What happens to the microplastics in the soil?

Microplastics

How do plastic particles behave in the soil? (Image: Gabriel Sigmund / EDGE)

In agriculture, large amounts of nano and microplastics get into the soil with compost, sewage sludge and foils. Researchers have now investigated what happens to them and the pollutants they contain. The good news: The plastic particles usually release their pollutants in the upper soil layers and therefore do not transport them into the groundwater. The bad news: our crops could absorb more pollutants as a result.

Plastic particles have long been everywhere: Wastewater and rivers carry microplastics into the oceans, while wind spreads it to the remotest parts of the world. In agriculture, compost fertilizer, sewage sludge and the remains of agricultural films ensure that large amounts of macro, micro and nanoplastics get into the soil. According to current estimates, up to 300,000 plastic particles can get onto the arable soils with just one kilogram of sewage sludge.

When does microplastic release its pollutants?

But the plastic is not the only thing that gets into the soil with the plastic particles – they also contain pollutants: “Plastic always contains so-called additives.

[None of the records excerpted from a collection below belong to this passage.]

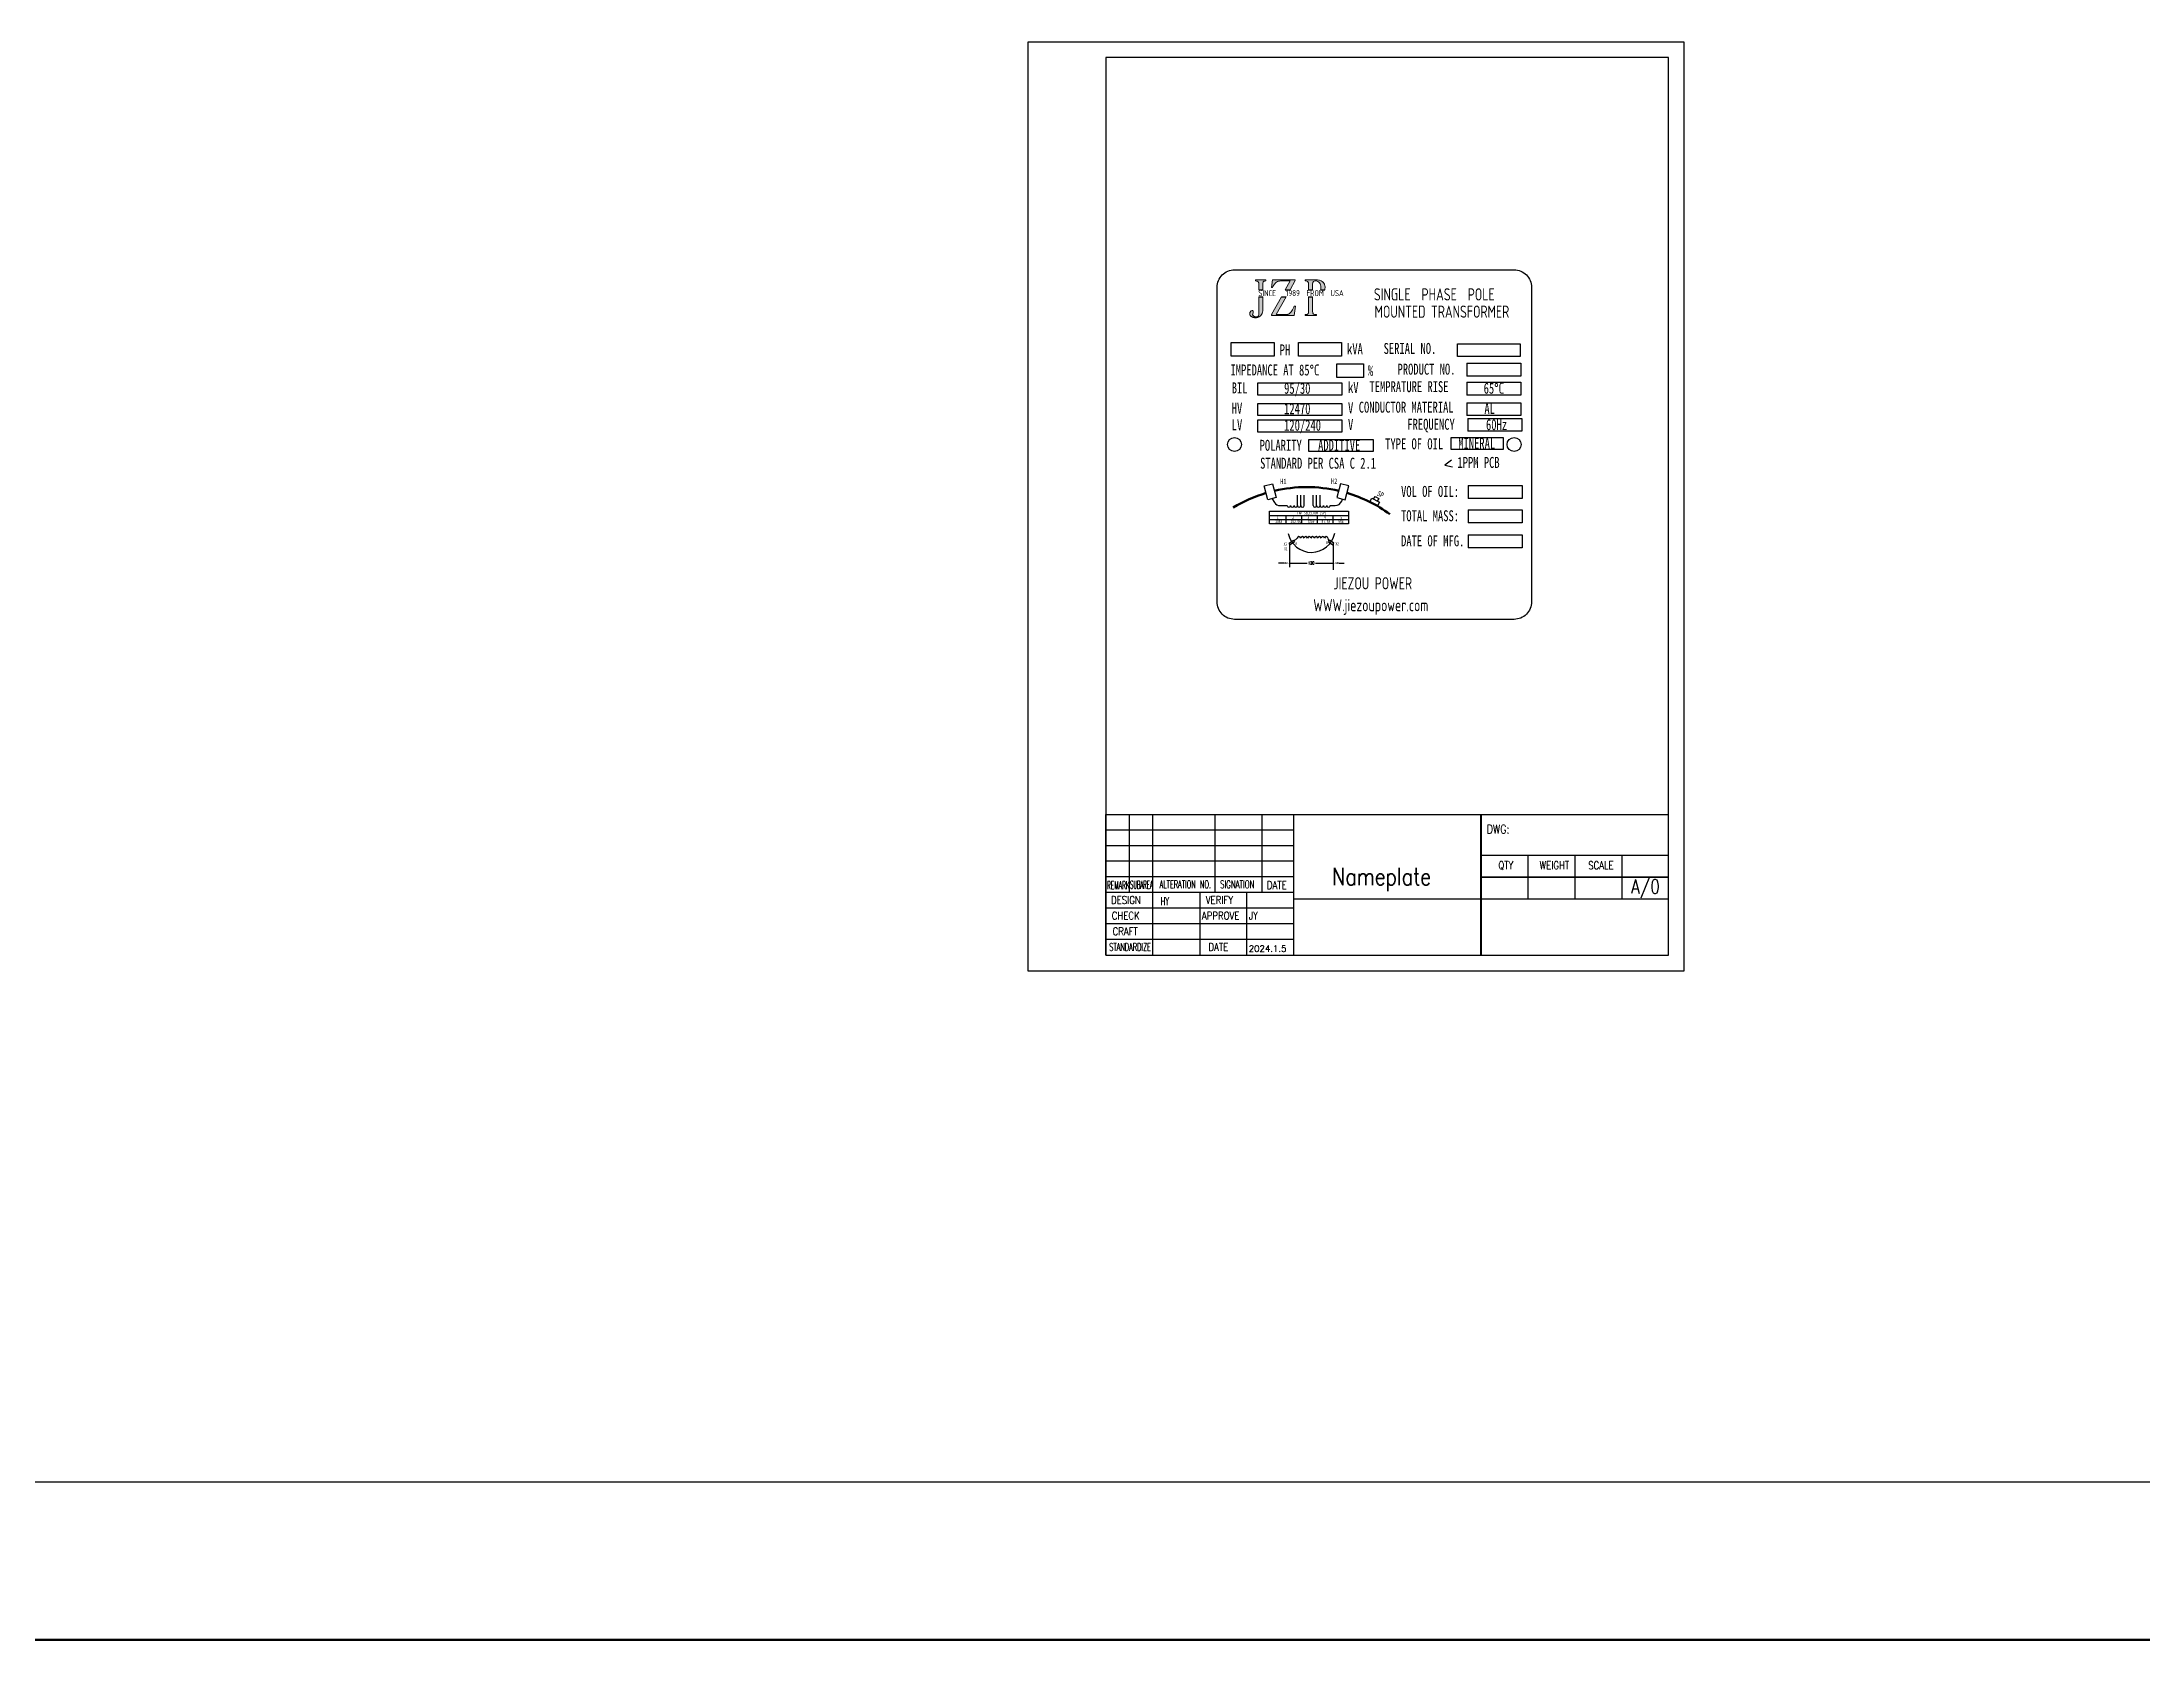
# Model space of a CAD drawing. Header units: millimetres. Extents: x 119255 to 140443, y -8485 to -5380.
# Drawn here: x 130147 to 130748, y -5851 to -5394 of the extents above; entities that cross this region are included whole.
import ezdxf

# ---------------------------------------------------------------- set-up
doc = ezdxf.new("R2010")
doc.units = ezdxf.units.MM
doc.header["$LTSCALE"] = 3
doc.layers.add('INTE_THICK', color=7, linetype='Continuous')
for name, color, linetype, lineweight in [('标注、文本', 3, 'Continuous', 25), ('粗实线', 4, 'Continuous', 53), ('粗实线层', 7, 'Continuous', 50)]:
    doc.layers.add(name, color=color, linetype=linetype, lineweight=lineweight)
doc.styles.add('PC_TEXTSTYLE', font='ISOCP.SHX', dxfattribs={"width": 0.707, "bigfont": 'GBCBIG.SHX'})
doc.styles.get("Standard").update_dxf_attribs({"font": 'txt', "bigfont": 'gbcbig.shx'})
doc.styles.add('TEXTSTYLE_3', font='txt', dxfattribs={"width": 0.8, "bigfont": 'hztxt.shx'})
doc.styles.add('TEXTSTYLE_4', font='txt', dxfattribs={"width": 0.65, "bigfont": 'hztxt.shx'})
doc.styles.add('TEXTSTYLE_5', font='txt', dxfattribs={"width": 0.45, "bigfont": 'hztxt.shx'})
doc.styles.add('TEXTSTYLE_7', font='txt', dxfattribs={"width": 0.75, "bigfont": 'hztxt.shx'})
doc.styles.add('TH_GBDIM', font='romans.shx', dxfattribs={"width": 0.8, "bigfont": 'gbcbig.shx'})

msp = doc.modelspace()

# ---------------------------------------------------------------- hatches: boundary and pattern name
at = {"layer": '标注、文本'}
h = msp.add_hatch(color=256, dxfattribs=at)
h.dxf.hatch_style = 1
h.paths.add_polyline_path([(130496.44, -5466.61), (130495.3, -5466.61), (130495.3, -5471.31), (130495.28, -5471.74), (130495.19, -5472.03, -0.564853), (130493.54, -5471.75), (130493.63, -5471.46), (130493.7, -5471.22), (130493.7, -5470.89), (130493.66, -5470.76), (130493.45, -5470.56), (130493.36, -5470.53), (130493.07, -5470.62), (130492.98, -5470.7), (130492.79, -5470.99), (130492.75, -5471.1), (130492.71, -5471.43), (130492.78, -5471.77), (130492.87, -5471.95), (130493.06, -5472.17, 0.201196), (130495.16, -5472.41), (130495.44, -5472.31), (130495.69, -5472.16), (130495.9, -5471.96), (130496.09, -5471.7), (130496.24, -5471.38), (130496.28, -5471.28), (130496.37, -5470.96), (130496.42, -5470.59), (130496.44, -5470.21)])
h.paths.add_polyline_path([(130496.53, -5462.41), (130496.56, -5462.34), (130496.78, -5462.14), (130496.98, -5462.1), (130497.33, -5462.07), (130497.33, -5461.76), (130494.37, -5461.76), (130494.37, -5462.07), (130494.62, -5462.09), (130494.87, -5462.13), (130494.87, -5462.13), (130495.15, -5462.29), (130495.27, -5462.63), (130495.3, -5462.9), (130495.3, -5463.32), (130495.3, -5464.6), (130496.44, -5464.6), (130496.44, -5463.15), (130496.44, -5463.12), (130496.46, -5462.7)])
h.paths.add_polyline_path([(130505.72, -5461.98), (130505.72, -5461.76), (130499.23, -5461.76), (130498.91, -5463.96), (130499.23, -5463.96), (130499.24, -5463.94), (130499.36, -5463.68), (130499.56, -5463.3), (130499.56, -5463.29), (130499.72, -5463.04), (130499.96, -5462.76), (130500.11, -5462.62), (130500.35, -5462.44), (130500.64, -5462.27), (130500.9, -5462.16), (130501.18, -5462.09), (130501.48, -5462.07), (130504.3, -5462.07), (130502.89, -5464.6), (130504.25, -5464.6)])
h.paths.add_polyline_path([(130503.13, -5466.61), (130501.77, -5466.61), (130498.94, -5471.69), (130498.94, -5472), (130505.42, -5472), (130505.78, -5469.26), (130505.42, -5469.26), (130505.31, -5469.58), (130505.16, -5469.92), (130505.13, -5469.99), (130504.97, -5470.31), (130504.8, -5470.6), (130504.6, -5470.88), (130504.4, -5471.11), (130504.2, -5471.3), (130503.95, -5471.5), (130503.72, -5471.6), (130503.58, -5471.63), (130503.3, -5471.68), (130502.97, -5471.69), (130500.29, -5471.69)])
h.paths.add_polyline_path([(130510.94, -5462.2), (130511.15, -5462.1), (130511.49, -5462.07), (130511.78, -5462.08), (130512.04, -5462.13), (130512.22, -5462.2), (130512.48, -5462.39), (130512.68, -5462.61), (130512.83, -5462.88), (130512.95, -5463.18), (130513.02, -5463.53), (130513.04, -5463.93), (130513.04, -5463.98), (130513.01, -5464.38), (130512.97, -5464.6), (130514.16, -5464.6), (130514.23, -5464.29), (130514.25, -5463.92), (130514.25, -5463.8), (130514.2, -5463.44), (130514.1, -5463.11), (130514.06, -5463.02), (130513.9, -5462.72), (130513.7, -5462.46), (130513.66, -5462.42), (130513.42, -5462.2), (130513.16, -5462.03), (130512.9, -5461.91), (130512.63, -5461.85), (130512.46, -5461.83), (130512.09, -5461.79), (130511.81, -5461.77), (130511.64, -5461.76), (130508.55, -5461.76), (130508.55, -5462.07), (130508.74, -5462.07), (130509.05, -5462.11), (130509.27, -5462.19), (130509.38, -5462.28), (130509.52, -5462.57), (130509.54, -5462.67), (130509.56, -5462.99), (130509.57, -5463.45), (130509.57, -5464.6), (130510.68, -5464.6), (130510.68, -5463.4), (130510.68, -5463.32), (130510.69, -5462.91), (130510.73, -5462.6), (130510.76, -5462.47)])
h.paths.add_polyline_path([(130510.68, -5466.61), (130509.57, -5466.61), (130509.57, -5470.7), (130509.56, -5470.84), (130509.53, -5471.18), (130509.39, -5471.47), (130509.37, -5471.49), (130509.1, -5471.62), (130508.89, -5471.65), (130508.55, -5471.67), (130508.55, -5471.98), (130511.81, -5471.98), (130511.81, -5471.67), (130511.66, -5471.67), (130511.36, -5471.64), (130511.24, -5471.62), (130510.97, -5471.54), (130510.76, -5471.28), (130510.72, -5471.15), (130510.68, -5470.76)])

# ---------------------------------------------------------------- linework, layer by layer
at = {"color": 7, "linetype": 'Continuous'}
for p, q in [((130451.54, -5614.68), (130612.57, -5614.68)), ((130451.54, -5654.93), (130451.54, -5614.68)), ((130451.54, -5614.74), (130612.57, -5614.74)), ((130505.22, -5619.15), (130451.54, -5619.15)), ((130458.25, -5637.04), (130458.25, -5614.68)), ((130464.96, -5654.93), (130464.96, -5614.68)), ((130482.85, -5637.04), (130482.85, -5614.68)), ((130496.27, -5637.04), (130496.27, -5614.68)), ((130505.22, -5614.68), (130505.22, -5654.93)), ((130505.24, -5614.7), (130505.24, -5654.96)), ((130505.24, -5614.7), (130612.59, -5614.7)), ((130558.89, -5654.93), (130558.89, -5614.68)), ((130558.91, -5614.7), (130558.91, -5654.96)), ((130505.22, -5623.62), (130451.54, -5623.62)), ((130505.22, -5628.09), (130451.54, -5628.09)), ((130558.89, -5626.31), (130612.57, -5626.31)), ((130558.91, -5626.33), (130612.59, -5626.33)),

These additives ensure certain properties, durability or the color of a polymer, ”explains Stephanie Castan from the University of Vienna. “In addition, it is possible that contaminants such as pesticides or drug residues cling to the plastic particles.” Once they have reached the ground, the plastic particles release these pollutants into the environment at some point. “We were interested in when exactly they did that,” says Castan. The speed of this release depends, among other things, on whether the pollutants contained in the plastic or accumulated on it can get into the groundwater.

For their study, the research team therefore used a model to investigate whether the plastic particles are transported through the soil layers faster than the pollutants are released. The ratio of these two key figures – the transport time and the desorption time – is also known as the Damköhler number. “In order to be able to make clear statements about the conditions under which plastic particles actually serve as a transport aid for pollutants, we calculated the Damköhler number for two extreme settings – the usual arable soil and a rather rugged rock soil”, reports Castan’s colleague Charlotte Henkel.

Contamination of the upper soil layers

The evaluations showed: Most plastic particles give off their pollutants relatively quickly – long before they sink into the groundwater. “The pollutants remain in the upper layers of the arable soil because they are already released there by the plastics,” reports working group leader Thilo Hofmann. Contamination of the groundwater in this way is therefore very unlikely. “The fact that the plastic particles increase the mobility of the pollutants in the soil is really only conceivable for very specific polymers and specific soil conditions, for example when the soil is very dry and washed out by heavy rain,” explains Hofmann’s colleague Thorsten Hüffer.

“But we don’t mean to say that nano- and microplastics in arable soils are harmless,” emphasizes Hofmann. “Rather, we show where the real problem with these pollutants bound to plastic particles lies: They do not end up in the groundwater, but in the upper soil layers and can possibly be ingested by crops and microorganisms and then get into our food.” The scientists now want to clarify in a follow-up study that they can actually absorb pollutants through the soil.